• REQUIRED WORK
When a line in the entries below contains the word "drawing", copy that line.
○ ○ ○ ○
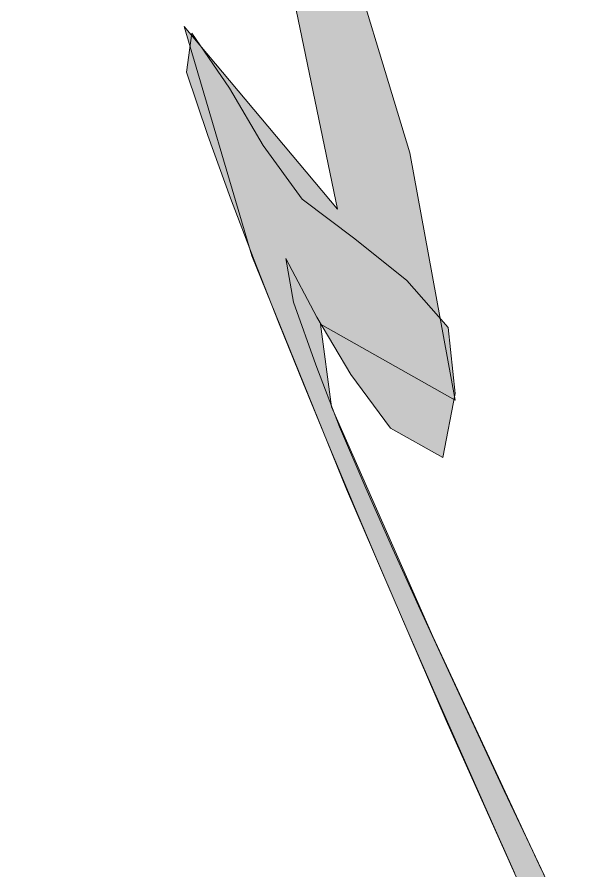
# Model space of a CAD drawing. Extents: x 0 to 1501, y 0 to 1722.
# Drawn here: x 85.577 to 86.641, y 1680.39 to 1682.028 of the extents above; entities that cross this region are included whole.
import ezdxf

# ---------------------------------------------------------------- set-up
doc = ezdxf.new("R2010")
doc.units = 0
doc.layers.get('0').update_dxf_attribs({"lineweight": 0})

msp = doc.modelspace()

# ---------------------------------------------------------------- hatches: boundary and pattern name
at = {"true_color": 0x232323}
h = msp.add_hatch(color=256, dxfattribs=at)
h.dxf.hatch_style = 1
h.paths.add_polyline_path([(86.1795, 1681.28), (86.159, 1681.439), (86.417, 1681.293), (86.33, 1681.7675), (86.1899, 1682.2301), (86.0301, 1682.6863), (85.8594, 1683.1385), (85.6781, 1683.5866), (85.4748, 1684.0251), (85.2446, 1684.1658), (85.115, 1684.3335), (84.9751, 1684.7962), (84.856, 1685.2647), (84.7533, 1685.737), (84.661, 1686.2115), (84.5765, 1686.6875), (84.5001, 1687.1648), (84.4493, 1687.6455), (84.3983, 1688.1262), (84.3437, 1688.6065), (84.2857, 1689.0864), (84.239, 1689.5676), (84.2079, 1690.0499), (84.1911, 1690.533), (84.193, 1691.0164), (84.1425, 1691.4892), (84.011, 1691.2712), (84.0021, 1691.0408), (84.0871, 1690.7856), (84.1407, 1690.9396), (84.1501, 1690.4564), (84.1738, 1689.9736), (84.2018, 1689.491), (84.2325, 1689.0085), (84.2674, 1688.5264), (84.3169, 1688.0587), (84.3784, 1687.5793), (84.4484, 1687.101), (84.5254, 1686.6237), (84.6085, 1686.1475), (84.6988, 1685.6726), (84.8074, 1685.2016), (84.9329, 1684.7348), (85.0778, 1684.2737), (85.2474, 1683.8211), (85.4243, 1683.6937), (85.613, 1683.4947), (85.8053, 1683.0515), (85.9563, 1682.5923), (86.0942, 1682.129), (86.1913, 1681.6596), (85.8975, 1682.0104), (86.0272, 1681.5703), (86.2088, 1681.1224), (86.4, 1680.6784), (86.5973, 1680.2371), (86.8182, 1679.8076), (87.0561, 1679.3868), (87.2939, 1678.9659), (87.2237, 1679.103), (87.0024, 1679.5327), (86.7877, 1679.9658), (86.5783, 1680.4015), (86.374, 1680.8396), (86.1795, 1681.28)])
h = msp.add_hatch(color=256, dxfattribs=at)
h.dxf.hatch_style = 1
h.paths.add_polyline_path([(86.092, 1681.565), (86.1519, 1681.4522), (86.2168, 1681.3422), (86.2928, 1681.2396), (86.3932, 1681.1831), (86.4168, 1681.3058), (86.4037, 1681.4328), (86.324, 1681.5227), (86.2244, 1681.6026), (86.1236, 1681.6788), (86.049, 1681.7821), (85.9842, 1681.8922), (85.9118, 1681.9973), (85.902, 1681.9223), (85.9426, 1681.8012), (85.9861, 1681.6811), (86.0315, 1681.5617), (86.0782, 1681.4428), (86.1261, 1681.3243), (86.1747, 1681.2062), (86.2241, 1681.0884), (86.274, 1680.9708), (86.3245, 1680.8534), (86.3755, 1680.7363), (86.4269, 1680.6194), (86.4787, 1680.5026), (86.5309, 1680.386), (86.5834, 1680.2695), (86.6363, 1680.1532), (86.6896, 1680.0371), (86.7521, 1679.9258), (86.815, 1679.8146), (86.8779, 1679.7034), (86.9408, 1679.5922), (87.0037, 1679.481), (87.0665, 1679.3698), (87.1294, 1679.2586), (87.1923, 1679.1474), (87.2552, 1679.0362), (87.3181, 1678.925), (87.3712, 1678.8313), (87.3099, 1678.9434), (87.2494, 1679.0559), (87.1898, 1679.1689), (87.1307, 1679.2822), (87.0723, 1679.3958), (87.0144, 1679.5096), (86.9569, 1679.6237), (86.8999, 1679.738), (86.8433, 1679.8525), (86.787, 1679.9672), (86.7312, 1680.0821), (86.6757, 1680.1972), (86.6205, 1680.3124), (86.5657, 1680.4278), (86.5112, 1680.5433), (86.4571, 1680.6591), (86.4033, 1680.775), (86.3501, 1680.8911), (86.2974, 1681.0074), (86.2454, 1681.1241), (86.1951, 1681.2416), (86.15, 1681.3611), (86.1069, 1681.4813), (86.092, 1681.565)])

# ---------------------------------------------------------------- linework, layer by layer
for points in [[(86.1795, 1681.28), (86.159, 1681.439), (86.417, 1681.293), (86.33, 1681.7675), (86.1899, 1682.2301), (86.0301, 1682.6863), (85.8594, 1683.1385), (85.6781, 1683.5866)], [(85.613, 1683.4947), (85.8053, 1683.0515), (85.9563, 1682.5923), (86.0942, 1682.129), (86.1913, 1681.6596), (85.8975, 1682.0104), (86.0272, 1681.5703), (86.2088, 1681.1224), (86.4, 1680.6784), (86.5973, 1680.2371), (86.8182, 1679.8076), (87.0561, 1679.3868), (87.2939, 1678.9659), (87.2237, 1679.103), (87.0024, 1679.5327), (86.7877, 1679.9658), (86.5783, 1680.4015), (86.374, 1680.8396), (86.1795, 1681.28), (86.1795, 1681.28)], [(86.092, 1681.565), (86.1519, 1681.4522), (86.2168, 1681.3422), (86.2928, 1681.2396), (86.3932, 1681.1831), (86.4168, 1681.3058), (86.4037, 1681.4328), (86.324, 1681.5227), (86.2244, 1681.6026), (86.1236, 1681.6788), (86.049, 1681.7821), (85.9842, 1681.8922), (85.9118, 1681.9973), (85.902, 1681.9223), (85.9426, 1681.8012), (85.9861, 1681.6811), (86.0315, 1681.5617), (86.0782, 1681.4428), (86.1261, 1681.3243), (86.1747, 1681.2062), (86.2241, 1681.0884), (86.274, 1680.9708), (86.3245, 1680.8534), (86.3755, 1680.7363), (86.4269, 1680.6194), (86.4787, 1680.5026), (86.5309, 1680.386)], [(86.6205, 1680.3124), (86.5657, 1680.4278), (86.5112, 1680.5433), (86.4571, 1680.6591), (86.4033, 1680.775), (86.3501, 1680.8911), (86.2974, 1681.0074), (86.2454, 1681.1241), (86.1951, 1681.2416), (86.15, 1681.3611), (86.1069, 1681.4813), (86.092, 1681.565), (86.092, 1681.565)]]:
    msp.add_lwpolyline(points, dxfattribs=at)

doc.saveas('drawing.dxf')
○ ○ ○ ○
• SOLVED EXERCISE
# Model space of a CAD drawing. Extents: x 0 to 1501, y 0 to 1722.
doc.saveas('drawing.dxf')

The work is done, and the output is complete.